Итак, давясь копотью поезда, пусть я стискивал портфель с улучшенной за три месяца рукописью (в прошлый раз мне отказали, но я упорствовал), прежде всего я ехал повидать Чиргина. Жена прекрасно это понимала, но слишком хорошо угадывала моё смятение, чтобы хоть намёком укорить в промедлении: она лишь сокрушалась, я знал, все эти месяцы, без слов догадавшись, что произошло нечто ужасное. Впрочем, так считал я — она же не теряла надежды, я знал, потому что она молилась. Молилась за нас, особенно — за него, «за Георгия».

Моё же сердце придавила вина, и всякий раз, когда я вспоминал о Чиргине, я заглядывал в бездну и трусливо отступал, потому что вместо меня туда рухнул он.

Я, конечно, с тех пор писал ему, но он, разумеется, не отвечал.

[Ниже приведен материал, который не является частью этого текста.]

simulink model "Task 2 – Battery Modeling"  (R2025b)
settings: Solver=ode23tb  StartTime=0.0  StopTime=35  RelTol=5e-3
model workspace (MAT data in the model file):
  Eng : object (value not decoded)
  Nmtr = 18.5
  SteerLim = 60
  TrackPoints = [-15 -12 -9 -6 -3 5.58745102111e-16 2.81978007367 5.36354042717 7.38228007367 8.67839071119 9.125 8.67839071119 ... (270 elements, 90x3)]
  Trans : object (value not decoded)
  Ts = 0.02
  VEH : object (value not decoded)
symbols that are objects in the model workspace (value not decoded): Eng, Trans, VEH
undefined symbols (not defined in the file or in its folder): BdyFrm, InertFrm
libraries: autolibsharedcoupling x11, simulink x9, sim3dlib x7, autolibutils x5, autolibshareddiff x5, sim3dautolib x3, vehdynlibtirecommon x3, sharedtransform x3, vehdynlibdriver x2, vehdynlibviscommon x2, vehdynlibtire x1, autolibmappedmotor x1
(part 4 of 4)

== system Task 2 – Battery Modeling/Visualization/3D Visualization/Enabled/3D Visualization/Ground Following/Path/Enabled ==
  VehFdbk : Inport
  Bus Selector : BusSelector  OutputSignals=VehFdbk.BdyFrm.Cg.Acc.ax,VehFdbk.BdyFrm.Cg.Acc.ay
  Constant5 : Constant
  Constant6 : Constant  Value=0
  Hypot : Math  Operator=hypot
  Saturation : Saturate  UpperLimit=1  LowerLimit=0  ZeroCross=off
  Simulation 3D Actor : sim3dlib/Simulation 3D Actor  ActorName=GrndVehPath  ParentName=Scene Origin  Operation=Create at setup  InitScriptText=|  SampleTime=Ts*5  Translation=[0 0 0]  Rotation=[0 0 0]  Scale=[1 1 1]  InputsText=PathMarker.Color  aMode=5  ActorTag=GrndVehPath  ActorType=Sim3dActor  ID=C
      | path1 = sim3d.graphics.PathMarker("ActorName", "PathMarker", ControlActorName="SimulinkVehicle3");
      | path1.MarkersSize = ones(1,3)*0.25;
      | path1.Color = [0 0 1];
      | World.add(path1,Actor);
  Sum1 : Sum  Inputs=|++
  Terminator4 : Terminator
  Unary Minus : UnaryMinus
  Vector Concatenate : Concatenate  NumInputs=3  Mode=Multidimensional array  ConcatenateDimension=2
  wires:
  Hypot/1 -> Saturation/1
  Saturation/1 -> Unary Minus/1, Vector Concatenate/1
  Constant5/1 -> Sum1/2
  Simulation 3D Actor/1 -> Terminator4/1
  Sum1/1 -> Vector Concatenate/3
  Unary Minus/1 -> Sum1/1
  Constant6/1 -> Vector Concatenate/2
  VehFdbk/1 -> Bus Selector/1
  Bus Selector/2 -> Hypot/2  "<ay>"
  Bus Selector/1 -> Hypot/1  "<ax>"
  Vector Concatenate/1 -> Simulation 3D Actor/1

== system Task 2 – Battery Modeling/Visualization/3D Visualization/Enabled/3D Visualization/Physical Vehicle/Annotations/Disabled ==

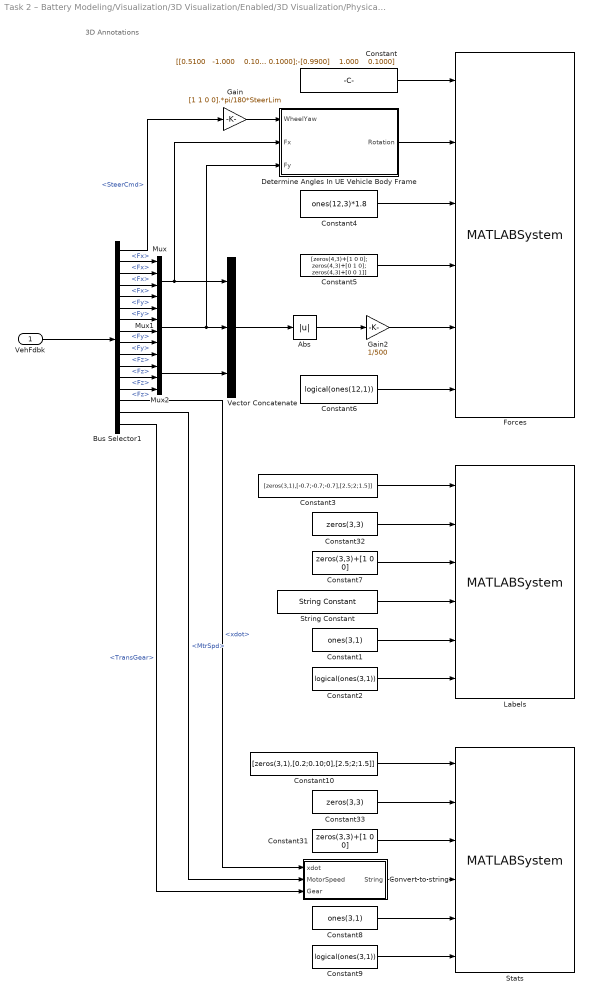
== system Task 2 – Battery Modeling/Visualization/3D Visualization/Enabled/3D Visualization/Physical Vehicle/Annotations/Enabled ==
  note: 3D Annotations
  VehFdbk : Inport
  Abs : Abs  ZeroCross=off  SaturateOnIntegerOverflow=off
  Bus Selector1 : BusSelector  OutputSignals=Driver.SteerCmd,VehFdbk.BdyFrm.Forces.Tires.FrntTires.Lft.Fx,VehFdbk.BdyFrm.Forces.Tires.FrntTires.Rght.Fx,VehFdbk.BdyFrm.Forces.Tires.RearTires.Lft.Fx,VehFdbk.BdyFrm.Forces.Tires.RearTires.Rght.Fx,VehFdbk.BdyFrm.Forces.Tires.FrntTires.Lft.Fy,VehFdbk.BdyFrm.Forces.Tires.FrntTires.Rght.Fy,VehFdbk.BdyFrm.Forces.Tires.RearTires.Lft.Fy,VehFdbk.BdyFrm.Forces.Tires.RearTires.Rght.Fy,VehFdbk.BdyFrm.Forces.Tires.FrntTires.Lft.Fz,VehFdbk.BdyFrm.Forces.Tires.FrntTires.Rght.Fz,VehFdbk.BdyFrm.Forces.Tires.RearTires.Lft.Fz,VehFdbk.BdyFrm.Forces.Tires.RearTires.Rght.Fz,VehFdbk.BdyFrm.Cg.Vel.xdot,VehFdbk.Mtr.MtrSpd,VehFdbk.Trans.TransGear
  Constant : Constant  Value="[[0.5100   -1.000    0.1000];[0.5100    1.000    0.1000];[-0.9900   -1.000    0.1000];[-0.9900    1.000    0.1000];[0.5100   -1.000    0.1000];[0.5100    1.000    0.1000];[-0.9900   -1.000    0.1000];[-0.9900    1.000    0.1000];[0.5100   -1.000    0.1000];[0.5100    1.000    0.1000];[-0.9900   -1.000    0.1000];-[0.9900]    1.000    0.1000]"
  Constant1 : Constant  Value=ones(3,1)
  Constant10 : Constant  Value=[zeros(3,1),[0.2;0.10;0],[2.5;2;1.5]]
  Constant2 : Constant  Value=logical(ones(3,1))
  Constant3 : Constant  Value=[zeros(3,1),[-0.7;-0.7;-0.7],[2.5;2;1.5]]
  Constant31 : Constant  Value=zeros(3,3)+[1 0 0]
  Constant32 : Constant  Value=zeros(3,3)
  Constant33 : Constant  Value=zeros(3,3)
  Constant4 : Constant  Value=ones(12,3)*1.8
  Constant5 : Constant  Value=[zeros(4,3)+[1 0 0]; zeros(4,3)+[0 1 0]; zeros(4,3)+[0 0 1]]
  Constant6 : Constant  Value=logical(ones(12,1))
  Constant7 : Constant  Value=zeros(3,3)+[1 0 0]
  Constant8 : Constant  Value=ones(3,1)
  Constant9 : Constant  Value=logical(ones(3,1))
  Convert to string : Subsystem
  Determine Angles In UE Vehicle Body Frame : Subsystem
  Forces : MATLABSystem  Priority=-1  System=Simulation3DAnnotation  InitialPos="[[0.5100   -1.000    0.1000];[0.5100    1.000    0.1000];[-0.9900   -1.000    0.1000];[-0.9900    1.000    0.1000];[0.5100   -1.000    0.1000];[0.5100    1.000    0.1000];[-0.9900   -1.000    0.1000];[-0.9900    1.000    0.1000];[0.5100   -1.000    0.1000];[0.5100    1.000    0.1000];[-0.9900   -1.000    0.1000];-[0.9900]    1.000    0.1000]"  InitialRot=[zeros(4,3);[zeros(4,3)+[0 0 pi/2]];[zeros(4,3)+[0 pi/2 0]]]  InitialScale=zeros(12,3)  ActorTag=AnnotationActor1  ParentActor=SimulinkVehicle2  Color=[zeros(4,3)+[1 0 0]; zeros(4,3)+[0 1 0]; zeros(4,3)+[0 0 1]]  Length=zeros(12,1)  FontScale=1  IsHidden=logical(zeros(12,1))  SampleTime=Ts
      mask Type: Simulation3DAnnotation
  Gain : Gain  Gain=[1 1 0 0].*pi/180*SteerLim
  Gain2 : Gain  Gain=1/500
  Labels : MATLABSystem  Priority=-1  System=Simulation3DAnnotation  InitialPos=[zeros(3,1),[-0.7;-0.7;-0.7],[2.5;2;1.5]]  InitialRot=zeros(3,3)  InitialScale=zeros(3,3)  ActorTag=AnnotationActor2  ParentActor=SimulinkVehicle2  Color=zeros(3,3)+[1 0 0]  Length=1  String=Velocity\n Engine\n Gear  FontScale=ones(3,1)  IsHidden=logical(ones(3,1))  SampleTime=Ts
      mask Type: Simulation3DAnnotation
  Mux : Mux
  Mux1 : Mux
  Mux2 : Mux
  Stats : MATLABSystem  Priority=-1  System=Simulation3DAnnotation  InitialPos=[zeros(3,1),[0.2;0.1;0.0],[2.5;2;1.5]]  InitialRot=zeros(3,3)  InitialScale=zeros(3,3)  ActorTag=AnnotationActor3  ParentActor=SimulinkVehicle2  Color=zeros(3,3)+[1 0 0]  Length=1  String=00 km/h\n 0000 RPM\n 0  FontScale=ones(3,1)  IsHidden=logical(ones(3,1))  SampleTime=Ts
      mask Type: Simulation3DAnnotation
  String Constant : StringConstant  String="\"Velocity\\n Engine\\n Gear\""
  Vector Concatenate : Concatenate  NumInputs=3
  wires:
  VehFdbk/1 -> Bus Selector1/1
  Determine Angles In UE Vehicle Body Frame/1(Rotation) -> Forces/2
  Mux/1 -> Vector Concatenate/1, Determine Angles In UE Vehicle Body Frame/2(Fx)
  Mux1/1 -> Determine Angles In UE Vehicle Body Frame/3(Fy), Vector Concatenate/2
  Bus Selector1/1 -> Gain/1  "<SteerCmd>"
  Convert to string/1(String) -> Stats/4
  String Constant/1 -> Labels/4
  Constant33/1 -> Stats/2
  Constant31/1 -> Stats/3
  Constant8/1 -> Stats/5
  Constant9/1 -> Stats/6
  Constant32/1 -> Labels/2
  Constant3/1 -> Labels/1
  Constant7/1 -> Labels/3
  Constant1/1 -> Labels/5
  Constant2/1 -> Labels/6
  Constant10/1 -> Stats/1
  Constant/1 -> Forces/1
  Mux2/1 -> Vector Concatenate/3
  Abs/1 -> Gain2/1
  Vector Concatenate/1 -> Abs/1
  Gain2/1 -> Forces/5
  Constant4/1 -> Forces/3
  Constant6/1 -> Forces/6
  Constant5/1 -> Forces/4
  Gain/1 -> Determine Angles In UE Vehicle Body Frame/1(WheelYaw)
  Bus Selector1/2 -> Mux/1  "<Fx>"
  Bus Selector1/3 -> Mux/2  "<Fx>"
  Bus Selector1/4 -> Mux/3  "<Fx>"
  Bus Selector1/5 -> Mux/4  "<Fx>"
  Bus Selector1/6 -> Mux1/1  "<Fy>"
  Bus Selector1/7 -> Mux1/2  "<Fy>"
  Bus Selector1/8 -> Mux1/3  "<Fy>"
  Bus Selector1/9 -> Mux1/4  "<Fy>"
  Bus Selector1/10 -> Mux2/1  "<Fz>"
  Bus Selector1/11 -> Mux2/2  "<Fz>"
  Bus Selector1/12 -> Mux2/3  "<Fz>"
  Bus Selector1/13 -> Mux2/4  "<Fz>"
  Bus Selector1/14 -> Convert to string/1(xdot)  "<xdot>"
  Bus Selector1/15 -> Convert to string/2(MotorSpeed)  "<MtrSpd>"
  Bus Selector1/16 -> Convert to string/3(Gear)  "<TransGear>"

== system Task 2 – Battery Modeling/Visualization/3D Visualization/Enabled/3D Visualization/Physical Vehicle/Path/Disabled ==

== system Task 2 – Battery Modeling/Visualization/3D Visualization/Enabled/3D Visualization/Physical Vehicle/Path/Enabled ==
  VehFdbk : Inport
  Bus Selector : BusSelector  OutputSignals=VehFdbk.BdyFrm.Cg.Acc.ax,VehFdbk.BdyFrm.Cg.Acc.ay
  Constant5 : Constant
  Constant6 : Constant  Value=0
  Hypot : Math  Operator=hypot
  Saturation : Saturate  UpperLimit=1  LowerLimit=0  ZeroCross=off
  Simulation 3D Actor : sim3dlib/Simulation 3D Actor  ActorName=GamePhysVehPath  ParentName=Scene Origin  Operation=Create at setup  InitScriptText=|  SampleTime=Ts*5  Translation=[0 0 0]  Rotation=[0 0 0]  Scale=[1 1 1]  InputsText=PathMarker.Color  aMode=5  ActorTag=GamePhysVehPath  ActorType=Sim3dActor  ID=C
      | path1 = sim3d.graphics.PathMarker("ActorName", "PathMarker", ControlActorName="SimulinkVehicle2");
      | path1.MarkersSize = ones(1,3)*0.25;
      | path1.Color = [0 0 1];
      | World.add(path1,Actor);
  Sum1 : Sum  Inputs=|++
  Terminator4 : Terminator
  Unary Minus : UnaryMinus
  Vector Concatenate : Concatenate  NumInputs=3  Mode=Multidimensional array  ConcatenateDimension=2
  wires:
  Hypot/1 -> Saturation/1
  Saturation/1 -> Unary Minus/1, Vector Concatenate/1
  Constant5/1 -> Sum1/2
  Simulation 3D Actor/1 -> Terminator4/1
  Sum1/1 -> Vector Concatenate/3
  Unary Minus/1 -> Sum1/1
  Constant6/1 -> Vector Concatenate/2
  VehFdbk/1 -> Bus Selector/1
  Bus Selector/2 -> Hypot/2  "<ay>"
  Bus Selector/1 -> Hypot/1  "<ax>"
  Vector Concatenate/1 -> Simulation 3D Actor/1

== system Task 2 – Battery Modeling/Visualization/3D Visualization/Enabled/3D Visualization/Simulation 3D Vehicle/Annotations/Disabled ==

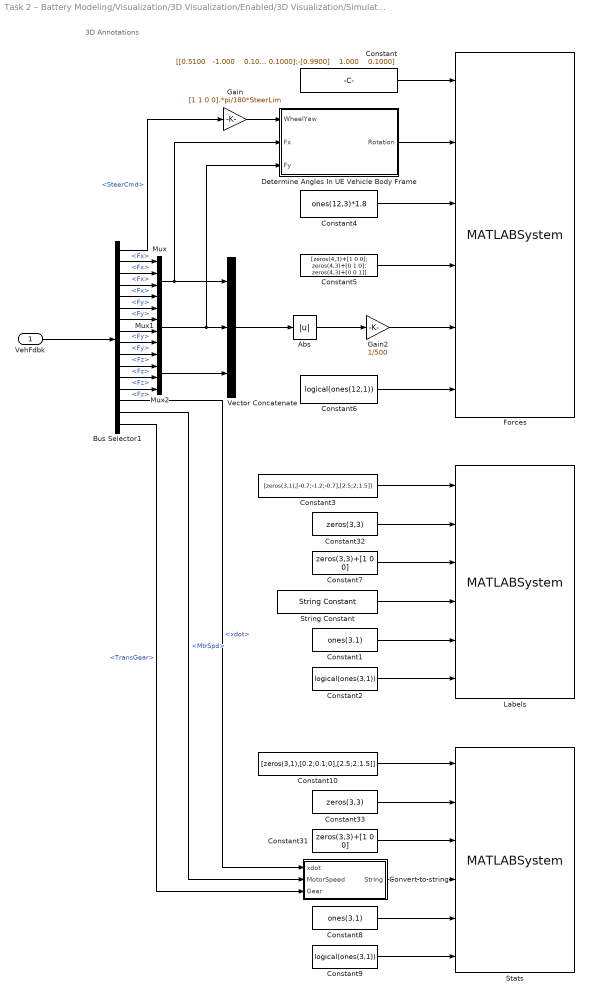
== system Task 2 – Battery Modeling/Visualization/3D Visualization/Enabled/3D Visualization/Simulation 3D Vehicle/Annotations/Enabled ==
  note: 3D Annotations
  VehFdbk : Inport
  Abs : Abs  ZeroCross=off  SaturateOnIntegerOverflow=off
  Bus Selector1 : BusSelector  OutputSignals=Driver.SteerCmd,VehFdbk.BdyFrm.Forces.Tires.FrntTires.Lft.Fx,VehFdbk.BdyFrm.Forces.Tires.FrntTires.Rght.Fx,VehFdbk.BdyFrm.Forces.Tires.RearTires.Lft.Fx,VehFdbk.BdyFrm.Forces.Tires.RearTires.Rght.Fx,VehFdbk.BdyFrm.Forces.Tires.FrntTires.Lft.Fy,VehFdbk.BdyFrm.Forces.Tires.FrntTires.Rght.Fy,VehFdbk.BdyFrm.Forces.Tires.RearTires.Lft.Fy,VehFdbk.BdyFrm.Forces.Tires.RearTires.Rght.Fy,VehFdbk.BdyFrm.Forces.Tires.FrntTires.Lft.Fz,VehFdbk.BdyFrm.Forces.Tires.FrntTires.Rght.Fz,VehFdbk.BdyFrm.Forces.Tires.RearTires.Lft.Fz,VehFdbk.BdyFrm.Forces.Tires.RearTires.Rght.Fz,VehFdbk.BdyFrm.Cg.Vel.xdot,VehFdbk.Mtr.MtrSpd,VehFdbk.Trans.TransGear
  Constant : Constant  Value="[[0.5100   -1.000    0.1000];[0.5100    1.000    0.1000];[-0.9900   -1.000    0.1000];[-0.9900    1.000    0.1000];[0.5100   -1.000    0.1000];[0.5100    1.000    0.1000];[-0.9900   -1.000    0.1000];[-0.9900    1.000    0.1000];[0.5100   -1.000    0.1000];[0.5100    1.000    0.1000];[-0.9900   -1.000    0.1000];-[0.9900]    1.000    0.1000]"
  Constant1 : Constant  Value=ones(3,1)
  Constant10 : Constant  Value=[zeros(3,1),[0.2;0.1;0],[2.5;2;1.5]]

Он вообще не любил писать — потому что, по правде говоря, выходило у него скверно: с ошибками и неопрятно до такой степени, что слова сливались в единую спутанную нить. Однако Чиргин любил иронизировать по поводу своей образованности: «Я не посещал гимназии, а подставлял голову под степной ветер, слышишь, он гуляет и свистит, как хмельной цыган, и требует больше вина!».

От одного отзвука его голоса я вздрогнул и закрыл глаза. Если бы не молчаливое усердие моей супруги, я бы не решился ехать. Слишком многое упущено. Слишком многое преступлено. Кто я теперь перед ним?

Правда, на Светлой мы с женой поехали к нему, но не застали его, хоть дожидались несколько дней. Тогда-то я укрепился в мысли, что он попросту не желает меня видеть.

Что же, он был в своём праве.

Я тяжело опустил голову на портфель, но сойти на ближайшей же станции мне не дал отблеск солнца в стекле — так же потеплели глаза моей жены, когда я объявил о своём намерении ехать. Не мог же я подвести ещё и её.

Так, заранее раздосадованный, убеждённый в провале, я прибыл в город, которому отдал несколько лет своей жизни, но который так и не сумел полюбить.